# can anyone help explain this (Royal Python Morphs)



## SK Reptiles (Nov 14, 2011)

I was looking at World of Ball Pythons at potential outcomes and came across this Striated - Morph List - World of Ball Pythons

I am so confused... how is it possible for a snake to contain 3 fire genes!?

Is there any genious' who can put this into simple terms please 

Regards 
Andy


----------



## Ryanbrown89 (Aug 10, 2013)

Mmmmm interesting hopefully someone can shine a light on this


----------



## SK Reptiles (Nov 14, 2011)

tell me about it, As far as im aware (and im not expert on how genetics work) a Super Fire x Fire would make 50% fire and 50% super fires

damn is this rattling my brain :bash::bash:

Someone is gonna tell me its a mistake and another gene is present or it was a complete freak accident and will never happen again :lol2:


----------



## Lil_nightmare (Feb 26, 2011)

I found this on another forum from 2011:



> So i emailed Mike Wilbanks with this email:
> I wanted to know about a project you were doing back in 2008. It's the female Striated morph that came from you breeding a BlkEL back to a Fire.

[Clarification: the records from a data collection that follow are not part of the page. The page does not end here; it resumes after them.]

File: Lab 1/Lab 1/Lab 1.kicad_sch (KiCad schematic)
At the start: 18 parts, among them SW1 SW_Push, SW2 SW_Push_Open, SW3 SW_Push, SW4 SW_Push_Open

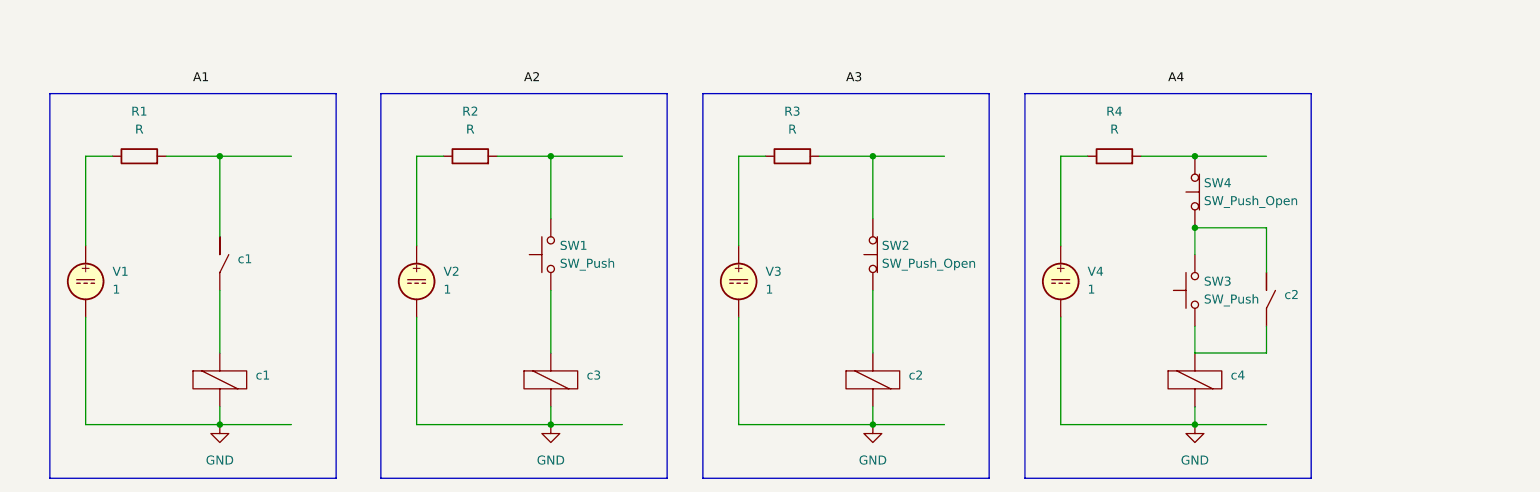
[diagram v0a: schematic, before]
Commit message: Fix lab A1-4
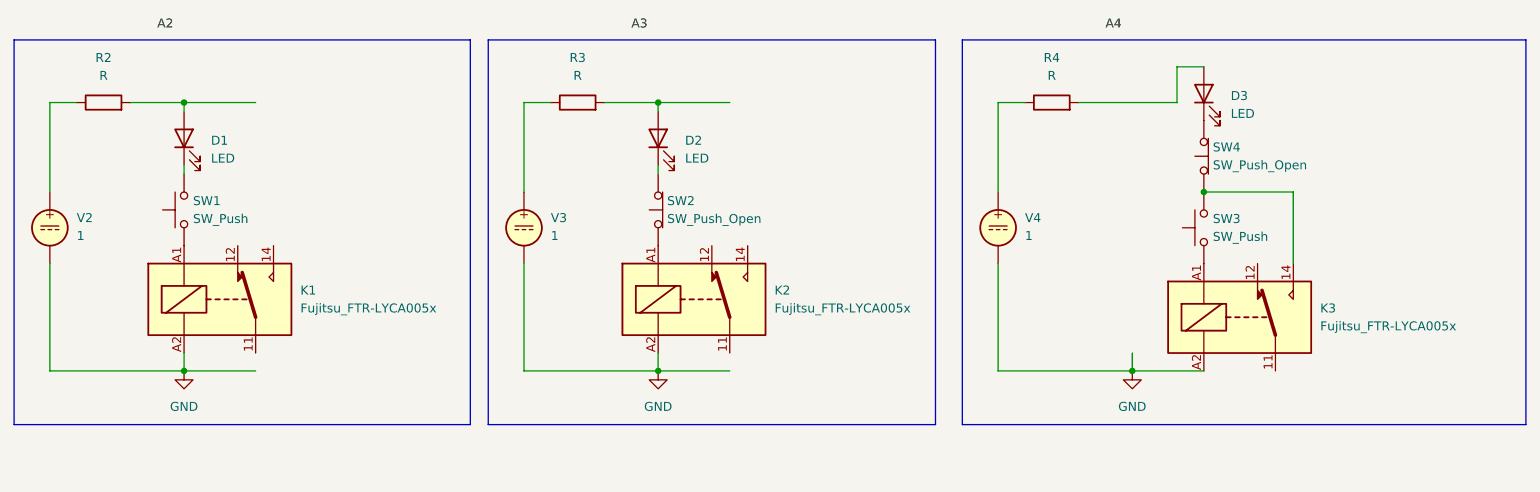
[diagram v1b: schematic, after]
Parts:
- removed R1: R, symbol Device:R
- removed V1: 1, symbol Simulation_SPICE:VDC
- removed c1, c2: ~, symbol relay_contact:Relay_contact
- removed c1, c2, c3, c4: ~, symbol relay_coil:Relay_coil
- added D1, D2, D3: LED, symbol Device:LED
- added K1, K2, K3: Fujitsu_FTR-LYCA005x, Relay_THT:Relay_SPDT_Fujitsu_FTR-LYCA005x_FormC_Vertical, symbol Relay:Fujitsu_FTR-LYCA005x
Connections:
- net GND: now also K1.A2, K2.A2, K3.A2
- net at R4.2: now also D3.2 (A); no longer SW4.2 (B)
- net at R3.2: now also D2.2 (A); no longer SW2.2 (B)
- net at SW2.1 (A): now also K2.A1
- net at R2.2: now also D1.2 (A); no longer SW1.2
- net at SW3.1: now also K3.A1
- net at SW3.2, SW4.1 (A): now also K3.14
- net at SW1.1: now also K1.A1
- new net: D2.1 (K), SW2.2 (B)
- new net: D1.1 (K), SW1.2
- new net: D3.1 (K), SW4.2 (B)
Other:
- moved on the sheet: R2, R3, R4, SW1, SW2, SW3, V2, V3, V4

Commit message: B1
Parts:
- added K4, K5, K6, K7: Fujitsu_FTR-LYCA005x, Relay_THT:Relay_SPDT_Fujitsu_FTR-LYCA005x_FormC_Vertical, symbol Relay:Fujitsu_FTR-LYCA005x
- added M1: Motor_DC, symbol Motor:Motor_DC
- added SW5, SW6: SW_Push, symbol Switch:SW_Push
- added V1: 1, symbol Simulation_SPICE:VDC
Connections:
- net GND: now also K4.A1, K5.11, K6.A1, K7.11, SW5.1, SW6.1, V1.2
- new net: K4.11, K5.A1, K6.11, K7.A1, V1.1
- new net: K6.14, K7.14, M1.2 (-)
- new net: K4.14, K5.14, M1.1 (+)
- new net Left: K5.A2, K6.A2, SW5.2
- new net Right: K4.A2, K7.A2, SW6.2

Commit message: Fix B1
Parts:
- added D4, D5: LED, symbol Device:LED
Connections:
- net GND: no longer K4.A1, K6.A1
- net at K4.11, K5.A1, K6.11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: now also K4.A1, K6.A1
- net at K6.14, M1.2 (-): now also D4.2 (A); no longer K7.14
- net at K4.14, M1.1 (+): now also D5.2 (A); no longer K5.14
- new net: D5.1 (K), K5.14
- new net: D4.1 (K), K7.14
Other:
- moved on the sheet: K5, K6, K7, V1

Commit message: Add B2
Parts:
- added D6, D7, D8: LED, symbol Device:LED
- added K10, K11, K8, K9: Fujitsu_FTR-LYCA005x, Relay_THT:Relay_SPDT_Fujitsu_FTR-LYCA005x_FormC_Vertical, symbol Relay:Fujitsu_FTR-LYCA005x
- added M2: Motor_DC, symbol Motor:Motor_DC
- added SW11, SW9: SW_Nidec_CAS-120A1, Button_Switch_SMD:Nidec_Copal_CAS-120A, symbol Switch:SW_Nidec_CAS-120A1
- added SW7, SW8: SW_Push, symbol Switch:SW_Push
- added V5: 1, symbol Simulation_SPICE:VDC
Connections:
- net GND: now also K11.11, K9.11, SW11.2 (B), SW9.2 (B), V5.2
- net Left: now also K10.A2, K9.A2, SW7.2
- net Right: now also K11.A2, K8.A2, SW8.2
- net at K6.14, M1.2 (-): now also D5.2 (A); no longer D4.2 (A)
- net at K4.14, M1.1 (+): now also D4.2 (A); no longer D5.2 (A)
- net at K5.14: now also D4.1 (K); no longer D5.1 (K)
- net at K7.14: now also D5.1 (K); no longer D4.1 (K)
- new net: D8.1 (K), SW11.1 (C), SW9.1 (C)
- new net: D8.2 (A), K10.11, K10.A1, K11.A1, K8.11, K8.A1, K9.A1, V5.1
- new net: SW7.1, SW9.3 (A)
- new net: D6.1 (K), K9.14
- new net: D6.2 (A), K8.14, M2.1 (+)
- new net: SW11.3 (A), SW8.1
- new net: D7.1 (K), K11.14
- new net: D7.2 (A), K10.14, M2.2 (-)

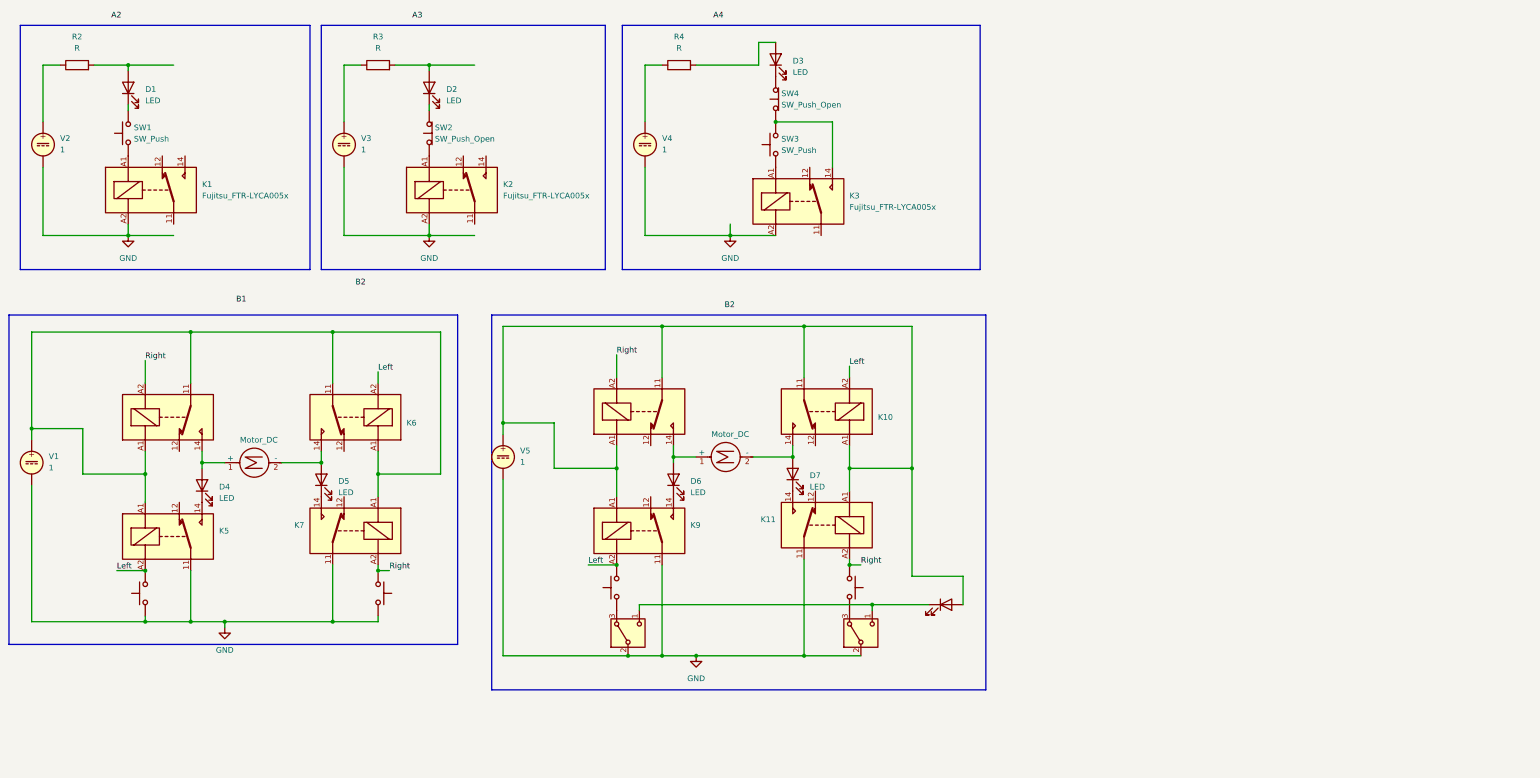
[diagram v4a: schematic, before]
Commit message: Add B3 possible solution without toggle
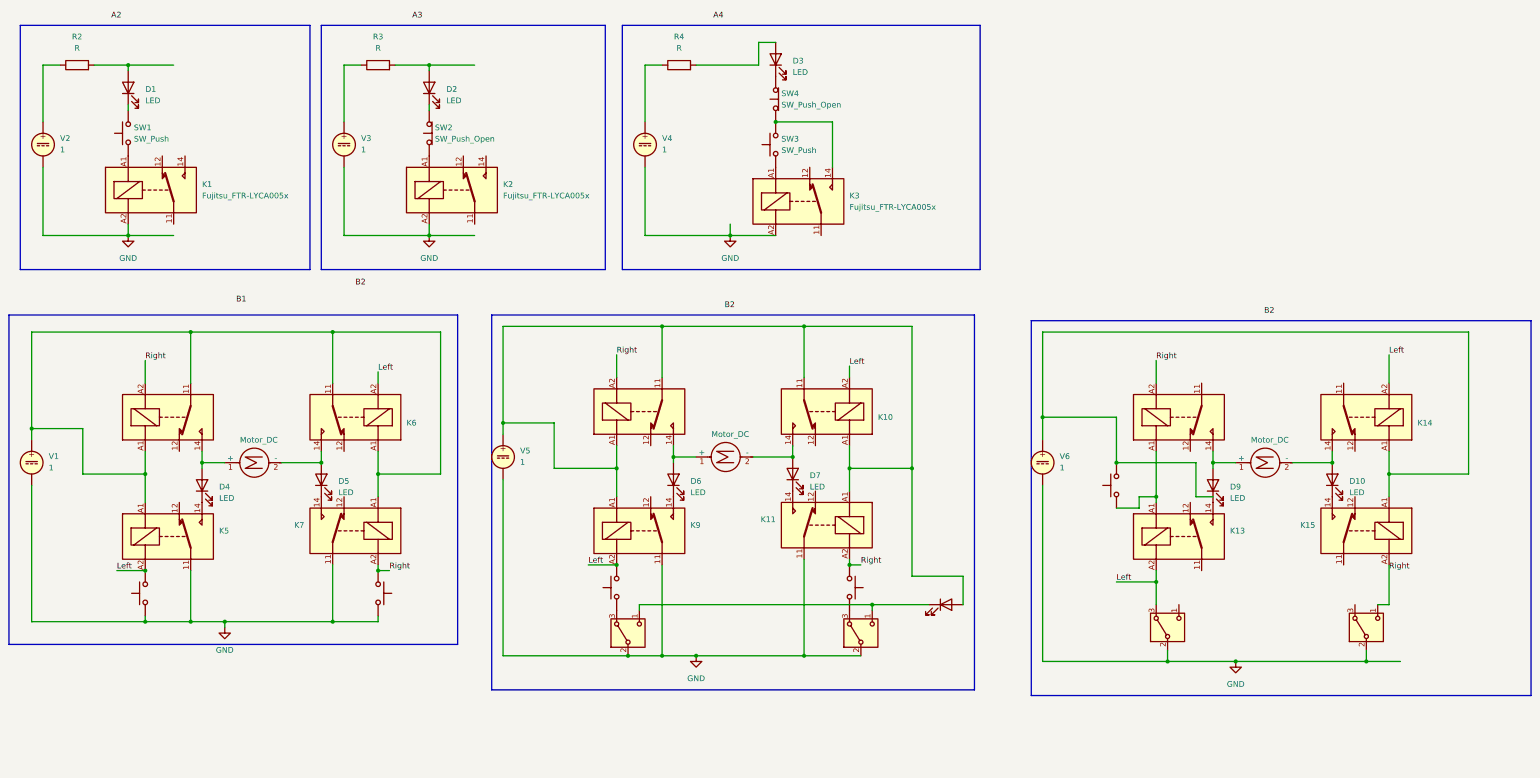
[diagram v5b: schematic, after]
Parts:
- added D10, D9: LED, symbol Device:LED
- added K12, K13, K14, K15: Fujitsu_FTR-LYCA005x, Relay_THT:Relay_SPDT_Fujitsu_FTR-LYCA005x_FormC_Vertical, symbol Relay:Fujitsu_FTR-LYCA005x
- added M3: Motor_DC, symbol Motor:Motor_DC
- added SW10, SW12: SW_Nidec_CAS-120A1, Button_Switch_SMD:Nidec_Copal_CAS-120A, symbol Switch:SW_Nidec_CAS-120A1
- added SW13: SW_Push, symbol Switch:SW_Push
- added V6: 1, symbol Simulation_SPICE:VDC
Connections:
- net GND: now also SW10.2 (B), SW12.2 (B), V6.2
- net Left: now also K13.A2, K14.A2, SW10.3 (A)
- net Right: now also K12.A2, K15.A2, SW12.1 (C)
- new net: D9.2 (A), K12.14, M3.1 (+)
- new net: D10.2 (A), K14.14, M3.2 (-)
- new net: K14.A1, K15.A1, SW13.2, V6.1
- new net: D10.1 (K), K15.14
- new net: D9.1 (K), K13.14
- new net: K12.A1, K13.A1, SW13.1

I wanted to know what projects ever came of it and what were the genetics exactly, that you can come up with, that was able to produce her. I got a male Fire morph from you guys that was born in 2010 (who I adore by the way and thank you very much) that is ready to breed. I would like to know if you have any idea if he would carry this gene. I know that's almost impossible to say unless all your fires come from the same parents, which is unlikely. I'm just in love with that Striated morph and would love any information regarding that project.
> 
> I got a reply shortly after with this response:
> ...


I think it must be a fluke or a recessive but would have thought by now the animal in question would have been bred or would be due to this year. If it is recessive it would take a while to prove out.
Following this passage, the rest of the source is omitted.